I like the tabbed interface and the way it does select/copy/paste (close to
the Windows way) in the CMD console. And, it has some pretty cool support for
the FAR Manager.

Here's a nice writeup by Scott Hanselman:
[http://www.hanselman.com/blog/ConEmuTheWindowsTerminalConsol...](http://www.hanselman.com/blog/ConEmuTheWindowsTerminalConsolePromptWeveBeenWaitingFor.aspx)

------
dhotson
Looks like iTerm2 is adding 24bit color support soon too:
[https://github.com/gnachman/iTerm2/pull/133](https://github.com/gnachman/iTerm2/pull/133)

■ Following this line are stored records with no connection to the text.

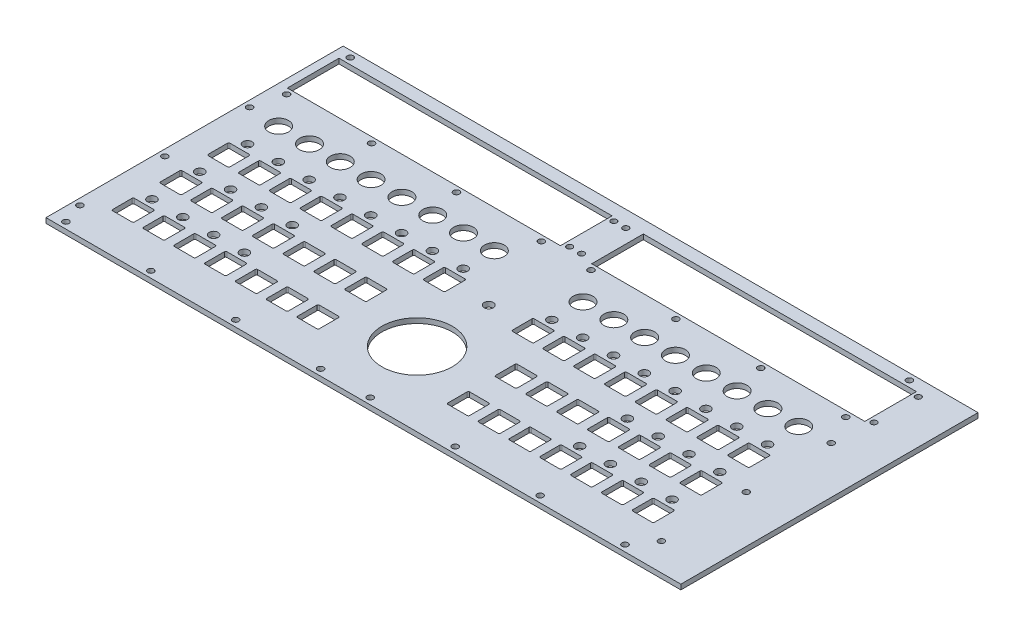
SolidWorks part; units mm, degrees
ref_plane "Front Plane" through (0, 0, 0) normal (0, 0, 1) x (1, 0, 0)
ref_plane "Top Plane" through (0, 0, 0) normal (0, 1, 0) x (1, 0, 0)
ref_plane "Right Plane" through (0, 0, 0) normal (1, 0, 0) x (0, 0, -1)
sketch "Sketch1" plane through (0, 0, 0) normal (0, 1, 0) x (1, 0, 0)
  line L1 (-41.8085, 33.4111) -> (338.0485, 33.4111)
  line L2 (-41.8085, 33.4111) -> (-41.8085, -144.3889)
  line L3 (-41.8085, -144.3889) -> (338.0485, -144.3889)
  line L4 (338.0485, 33.4111) -> (338.0485, -144.3889)
  dimension "D1" = 379.857
  dimension "D2" = 177.8
extrude "Boss-Extrude1" add sketch "Sketch1" along normal blind 3
sketch "Sketch2" plane through (0, 3, 0) normal (0, 1, 0) x (1, 0, 0)
  line L1 (-36.7674, 25.8724) -> (126.6333, 25.8724)
  line L2 (-36.7674, 25.8724) -> (-36.7674, -5.0267)
  line L3 (-36.7674, -5.0267) -> (126.6333, -5.0267)
  line L4 (126.6333, 25.8724) -> (126.6333, -5.0267)
  line L64 (-41.8085, 33.4111) -> (-41.8085, -144.3889) construction
  line L65 (-41.8085, -144.3889) -> (338.0485, -144.3889) construction
  line L66 (338.0485, 33.4111) -> (-41.8085, 33.4111) construction
  line L67 (145.3506, 25.8724) -> (308.7513, 25.8724)
  line L96 (308.7513, 25.8724) -> (308.7513, -5.0267)
  line L97 (145.3506, -5.0267) -> (308.7513, -5.0267)
  line L98 (145.3506, 25.8724) -> (145.3506, -5.0267)
  circle A0 centre (-19.5962, -27.399) radius 5.9207
  circle A1 centre (-1.1584, -27.399) radius 5.9207
  circle A2 centre (17.2795, -27.399) radius 5.9207
  circle A3 centre (35.7173, -27.399) radius 5.9207
  circle A4 centre (54.1552, -27.399) radius 5.9207
  circle A5 centre (72.5931, -27.399) radius 5.9207
  circle A6 centre (91.0309, -27.399) radius 5.9207
  circle A7 centre (109.4688, -27.399) radius 5.9207
  circle A8 centre (291.5868, -27.399) radius 5.9207
  circle A9 centre (273.1489, -27.399) radius 5.9207
  circle A10 centre (254.7111, -27.399) radius 5.9207
  circle A11 centre (236.2732, -27.399) radius 5.9207
  circle A12 centre (217.8353, -27.399) radius 5.9207
  circle A13 centre (199.3975, -27.399) radius 5.9207
  circle A14 centre (180.9596, -27.399) radius 5.9207
  circle A15 centre (162.5218, -27.399) radius 5.9207
  dimension "D8" = 11.8415
  dimension "D4" = 2
  dimension "D5" = 18.4379
  dimension "D6" = 22.2123
  dimension "D7" = 116.9899
  dimension "D17" = 30.8991
  dimension "D18" = 163.4007
  dimension "D19" = 5.0411
  dimension "D20" = 7.5387
  dimension "D2" = 3
  dimension "D3" = 8
  dimension "D16" = 3
  dimension "D26" = 2
extrude "Cut-Extrude1" cut sketch "Sketch2" against normal blind 10.16
sketch "Sketch4" plane through (0, 3, 0) normal (0, 1, 0) x (1, 0, 0)
  line L4 (-41.8085, 33.4111) -> (-41.8085, -144.3889) construction
  point P4 (-19.5962, -63.7796)
  line B0 (-25.3462, -50.7796) -> (-13.8462, -50.7796)
  line B1 (-26.0962, -51.5296) -> (-26.0962, -63.0296)
  line B2 (-25.3462, -63.7796) -> (-13.8462, -63.7796)
  line B3 (-13.0962, -51.5296) -> (-13.0962, -63.0296)
  arc B4 (-13.8462, -50.7796) -> (-13.0962, -51.5296) centre (-13.8462, -51.5296) cw
  arc B5 (-25.3462, -50.7796) -> (-26.0962, -51.5296) centre (-25.3462, -51.5296) ccw
  arc B6 (-13.8462, -63.7796) -> (-13.0962, -63.0296) centre (-13.8462, -63.0296) ccw
  arc B7 (-26.0962, -63.0296) -> (-25.3462, -63.7796) centre (-25.3462, -63.0296) ccw
  dimension "D1" = 22.2123
sketch_block_instance "Block1-1"
sketch_block "Block1" parameters "D1"=0.75, "D2"=0.75, "D3"=13
extrude "Cut-Extrude2" cut sketch "Sketch4" against normal blind 50.8
sketch "Sketch6" plane through (0, 3, 0) normal (0, 1, 0) x (1, 0, 0)
  line L0 (-41.8085, 33.4111) -> (-41.8085, -144.3889) construction
  line L1 (338.0485, 33.4111) -> (-41.8085, 33.4111) construction
  circle A0 centre (-19.5962, -46.0401) radius 2.667
  dimension "D1" = 5.334
  dimension "D2" = 22.2123
  dimension "D3" = 79.4512
extrude "Cut-Extrude3" cut sketch "Sketch6" against normal blind 50.8
pattern_linear "LPattern1" count 8 spacing 18.4375 along (1, 0, 0) count 3 spacing 28.575 along (0, 0, 1) skipping (4, 1), (4, 2), (5, 1), (5, 2), (6, 1), (6, 2), (7, 1), (7, 2) of "Cut-Extrude3"
pattern_linear "LPattern2" count 8 spacing 18.4375 along (1, 0, 0) count 3 spacing 28.575 along (0, 0, 1) skipping (7, 1), (7, 2) of "Cut-Extrude2"
sketch "Sketch7" plane through (0, 3, 0) normal (0, 1, 0) x (1, 0, 0)
  line L0 (338.0485, -144.3889) -> (338.0485, 33.4111) construction
  line L1 (298.0868, -63.7797) -> (285.0868, -63.7797)
  line L2 (298.0868, -63.7797) -> (298.0868, -50.7797)
  line L3 (298.0868, -50.7797) -> (285.0868, -50.7797)
  line L4 (285.0868, -63.7797) -> (285.0868, -50.7797)
  line L5 (298.0868, -63.7797) -> (285.0868, -50.7797) construction
  line L6 (298.0868, -50.7797) -> (285.0868, -63.7797) construction
  line L7 (338.0485, 33.4111) -> (-41.8085, 33.4111) construction
  point P0 (291.5868, -57.2797)
  dimension "D1" = 46.4617
  dimension "D2" = 13
  dimension "D3" = 13
  dimension "D4" = 84.1908
extrude "Cut-Extrude4" cut sketch "Sketch7" against normal blind 5.08
fillet "Fillet1" radius 0.7493 1 edges at (285.0868, 1.5, 50.7797)
fillet "Fillet2" radius 0.7493 3 edges at (298.0868, 1.5, 63.7797) (285.0868, 1.5, 63.7797) (298.0868, 1.5, 50.7797)
pattern_linear "LPattern3" count 8 spacing 18.4375 along (-1, 0, 0) count 3 spacing 28.575 along (0, 0, 1) skipping (7, 1), (7, 2) of "Cut-Extrude4", "Fillet1", "Fillet2"
sketch "Sketch9" plane through (0, 3, 0) normal (0, 1, 0) x (1, 0, 0)
  line L0 (174.4618, -80.104) -> (174.4618, -91.6054) construction
  line L1 (85.2788, -92.3546) -> (96.7788, -92.3546) construction
  circle A0 centre (135.9947, -100.1422) radius 21.0617
  dimension "D2" = 42.1234
  dimension "D1" = 38.467
  dimension "D3" = 7.7876
extrude "Cut-Extrude6" cut sketch "Sketch9" against normal blind 5.08
sketch "Sketch10" plane through (0, 3, 0) normal (0, 1, 0) x (1, 0, 0)
  line L0 (338.0485, 33.4111) -> (-41.8085, 33.4111) construction
  line L1 (297.3375, -50.7797) -> (285.8361, -50.7797) construction
  circle A0 centre (291.5868, -46.0401) radius 2.667
  point P4 (291.5868, -50.7797)
  dimension "D3" = 5.334
  dimension "D1" = 79.4512
  dimension "D2" = 0
extrude "Cut-Extrude7" cut sketch "Sketch10" against normal blind 5.08
pattern_linear "LPattern4" count 8 spacing 18.4375 along (-1, 0, 0) count 3 spacing 28.575 along (0, 0, 1) skipping (4, 1), (4, 2), (5, 1), (5, 2), (6, 1), (6, 2), (7, 1), (7, 2) of "Cut-Extrude7"
sketch "Sketch11" plane through (0, 3, 0) normal (0, 1, 0) x (1, 0, 0)
  line L0 (156.0243, -51.529) -> (156.0243, -63.0304) construction
  circle A0 centre (135.9951, -57.2797) radius 2.75
  point P4 (156.0243, -57.2797)
  dimension "D2" = 5.5
  dimension "D1" = 20.0292
  dimension "D3" = 0
extrude "Cut-Extrude8" cut sketch "Sketch11" against normal blind 5.08
sketch "Sketch12" plane through (0, 3, 0) normal (0, 1, 0) x (1, 0, 0)
  line L0 (-41.8085, 33.4111) -> (-41.8085, -144.3889) construction
  line L1 (-41.8085, -144.3889) -> (338.0485, -144.3889) construction
  circle A0 centre (-33.7085, -140.5789) radius 1.8288
  dimension "D1" = 3.6576
  dimension "D2" = 8.1001
  dimension "D3" = 3.81
extrude "Cut-Extrude9" cut sketch "Sketch12" against normal blind 5.08
pattern_linear "LPattern5" count 4 spacing 50.8 along (1, 0, 0) of "Cut-Extrude9"
sketch "Sketch13" plane through (0, 3, 0) normal (0, 1, 0) x (1, 0, 0)
  line L0 (-41.8085, 33.4111) -> (-41.8085, -144.3889) construction
  line L2 (338.0485, 33.4111) -> (-41.8085, 33.4111) construction
  circle A0 centre (-33.7085, 29.6011) radius 1.8288
  dimension "D1" = 3.6576
  dimension "D2" = 8.1001
  dimension "D3" = 3.81
extrude "Cut-Extrude10" cut sketch "Sketch13" against normal blind 5.08
pattern_linear "LPattern6" count 4 spacing 50.8 along (1, 0, 0) count 2 spacing 38.1 along (0, 0, 1) skipping (1, 0), (2, 0), (3, 0) of "Cut-Extrude10"
sketch "Sketch14" plane through (0, 3, 0) normal (0, 1, 0) x (1, 0, 0)
  line L0 (-41.8085, 33.4111) -> (-41.8085, -144.3889) construction
  line L1 (-41.8085, -144.3889) -> (338.0485, -144.3889) construction
  circle A0 centre (-38.057, -127.8789) radius 1.8288
  dimension "D1" = 3.6576
  dimension "D2" = 3.7516
  dimension "D3" = 16.51
extrude "Cut-Extrude11" cut sketch "Sketch14" against normal blind 5.08
pattern_linear "LPattern7" count 3 spacing 50.8 along (0, 0, -1) of "Cut-Extrude11"
sketch "Sketch15" plane through (0, 3, 0) normal (0, 1, 0) x (1, 0, 0)
  line L0 (338.0485, -144.3889) -> (338.0485, 33.4111) construction
  line L1 (-41.8085, -144.3889) -> (338.0485, -144.3889) construction
  circle A0 centre (300.8095, -140.5789) radius 1.8288
  dimension "D1" = 3.6576
  dimension "D2" = 37.2389
  dimension "D3" = 3.81
extrude "Cut-Extrude12" cut sketch "Sketch15" against normal blind 5.08
pattern_linear "LPattern8" count 4 spacing 50.8 along (-1, 0, 0) of "Cut-Extrude12"
sketch "Sketch16" plane through (0, 3, 0) normal (0, 1, 0) x (1, 0, 0)
  line L0 (338.0485, 33.4111) -> (-41.8085, 33.4111) construction
  line L1 (338.0485, -144.3889) -> (338.0485, 33.4111) construction
  circle A0 centre (300.8095, 29.6011) radius 1.8288
  dimension "D1" = 3.6576
  dimension "D2" = 3.81
  dimension "D3" = 37.2389
extrude "Cut-Extrude13" cut sketch "Sketch16" against normal blind 5.08
pattern_linear "LPattern9" count 4 spacing 50.8 along (-1, 0, 0) count 2 spacing 38.1 along (0, 0, 1) skipping (1, 0), (2, 0), (3, 0) of "Cut-Extrude13"
sketch "Sketch17" plane through (0, 3, 0) normal (0, 1, 0) x (1, 0, 0)
  line L0 (338.0485, -144.3889) -> (338.0485, 33.4111) construction
  line L1 (-41.8085, -144.3889) -> (338.0485, -144.3889) construction
  circle A0 centre (309.923, -127.8789) radius 1.8288
  dimension "D1" = 3.6576
  dimension "D2" = 28.1254
  dimension "D3" = 16.51
extrude "Cut-Extrude14" cut sketch "Sketch17" against normal blind 5.08
pattern_linear "LPattern10" count 3 spacing 50.8 along (0, 0, -1) of "Cut-Extrude14"
sketch "Sketch18" plane through (0, 3, 0) normal (0, 1, 0) x (1, 0, 0)
  line L0 (284.2311, -134.2671) -> (284.2311, -136.6871)
  line L2 (174.9378, -69.4113) -> (173.5407, -71.8313)
  line L3 (173.5407, -71.8313) -> (176.335, -71.8313)
  line L4 (163.1012, -71.0969) -> (164.4896, -73.5219)
  line L5 (164.4896, -73.5219) -> (165.8955, -71.107)
  line L6 (165.8955, -71.107) -> (163.1012, -71.0969)
  line L7 (258.5471, -128.088) -> (256.1271, -128.0949)
  line L8 (256.1271, -128.0949) -> (256.134, -130.5149)
  line L9 (256.134, -130.5149) -> (258.554, -130.508)
  line L10 (258.554, -130.508) -> (258.5471, -128.088)
  line L11 (269.6691, -128.6524) -> (267.5733, -127.4424)
  line L12 (267.5733, -127.4424) -> (267.5733, -129.8624)
  line L13 (267.5733, -129.8624) -> (269.6691, -128.6524)
  line L14 (284.2311, -136.6871) -> (285.4411, -135.4771)
  line L15 (285.4411, -135.4771) -> (284.2311, -134.2671)
  line L16 (285.4411, -134.2671) -> (285.4411, -136.6871)
  line L17 (285.4411, -136.6871) -> (286.6511, -135.4771)
  line L18 (286.6511, -135.4771) -> (285.4411, -134.2671)
  line L19 (176.335, -71.8313) -> (174.9378, -69.4113)
  line L20 (233.3826, -128.5904) -> (234.1893, -128.5904)
  line L21 (233.3826, -128.5904) -> (233.3826, -131.0104)
  line L22 (233.3826, -131.0104) -> (234.1893, -131.0104)
  line L23 (234.1893, -128.5904) -> (234.1893, -131.0104)
  line L24 (234.9959, -128.5904) -> (235.8026, -128.5904)
  line L25 (234.9959, -128.5904) -> (234.9959, -131.0104)
  line L26 (234.9959, -131.0104) -> (235.8026, -131.0104)
  line L27 (235.8026, -128.5904) -> (235.8026, -131.0104)
  line L39 (225.6455, -135.6501) -> (226.8486, -134.4332)
  line L40 (226.8624, -136.8532) -> (225.6455, -135.6501)
  line L41 (226.8486, -134.4332) -> (226.8624, -136.8532)
  line L42 (226.8555, -135.6432) -> (228.0586, -134.4264)
  line L43 (228.0723, -136.8463) -> (226.8555, -135.6432)
  line L44 (228.0586, -134.4264) -> (228.0723, -136.8463)
  circle A0 centre (174.9378, -71.0246) radius 0.8067 construction
  circle A1 centre (164.4954, -71.9086) radius 0.8067 construction
  circle A2 centre (257.3406, -129.3015) radius 1.21 construction
  circle A3 centre (268.2719, -128.6524) radius 0.6986 construction
  dimension "D1" = 2.42
  dimension "D2" = 2.42
  dimension "D3" = 2.42
  dimension "D4" = 2.42
  dimension "D5" = 0
  dimension "D6" = 2.42
  dimension "D7" = 2.42
  dimension "D8" = 1.21
  dimension "D9" = 1.21
  dimension "D10" = 2.42
  dimension "D11" = 2.42
  dimension "D12" = 0.8067
  dimension "D13" = 0.8067
  dimension "D14" = 0.8067
  dimension "D15" = 1.21
  dimension "D16" = 0
  dimension "D17" = 1.21
sketch "Sketch19" plane through (0, 0, 0) normal (0, -1, 0) x (1, 0, 0)
  circle A0 centre (312.051, -23.6727) radius 1.75
  circle A1 centre (312.051, 2.8273) radius 1.75
  circle A2 centre (137.051, -23.6727) radius 1.75
  circle A3 centre (137.051, 2.8273) radius 1.75
  circle A4 centre (129.9316, 2.8066) radius 1.7293
  circle A5 centre (129.9098, -23.6651) radius 1.7256
extrude "Cut-Extrude15" cut sketch "Sketch19" against normal blind 10

Pull request is from less than 12 hours ago, so I'm not sure how long it'll
take to get into a release.

------
tenfingers
One word: e-shell

Does everything FinalTerm does, and probably more (and can be driver with the
keyboard only).

Funny thing, I don't like e-shell. I rarely, if ever, have to interact with
the output of the previous command.

For command re-editing, most shells (zsh, bash) offer very powerful
completition/editing capabilities that probably FinalTerm cannot match.

Admittedly, I sometimes (but rarely) have to use the output of the previous
command. The problem is, if it's an url, you probably just want to click
it/copy it, and then pretty much all terminals can do this already.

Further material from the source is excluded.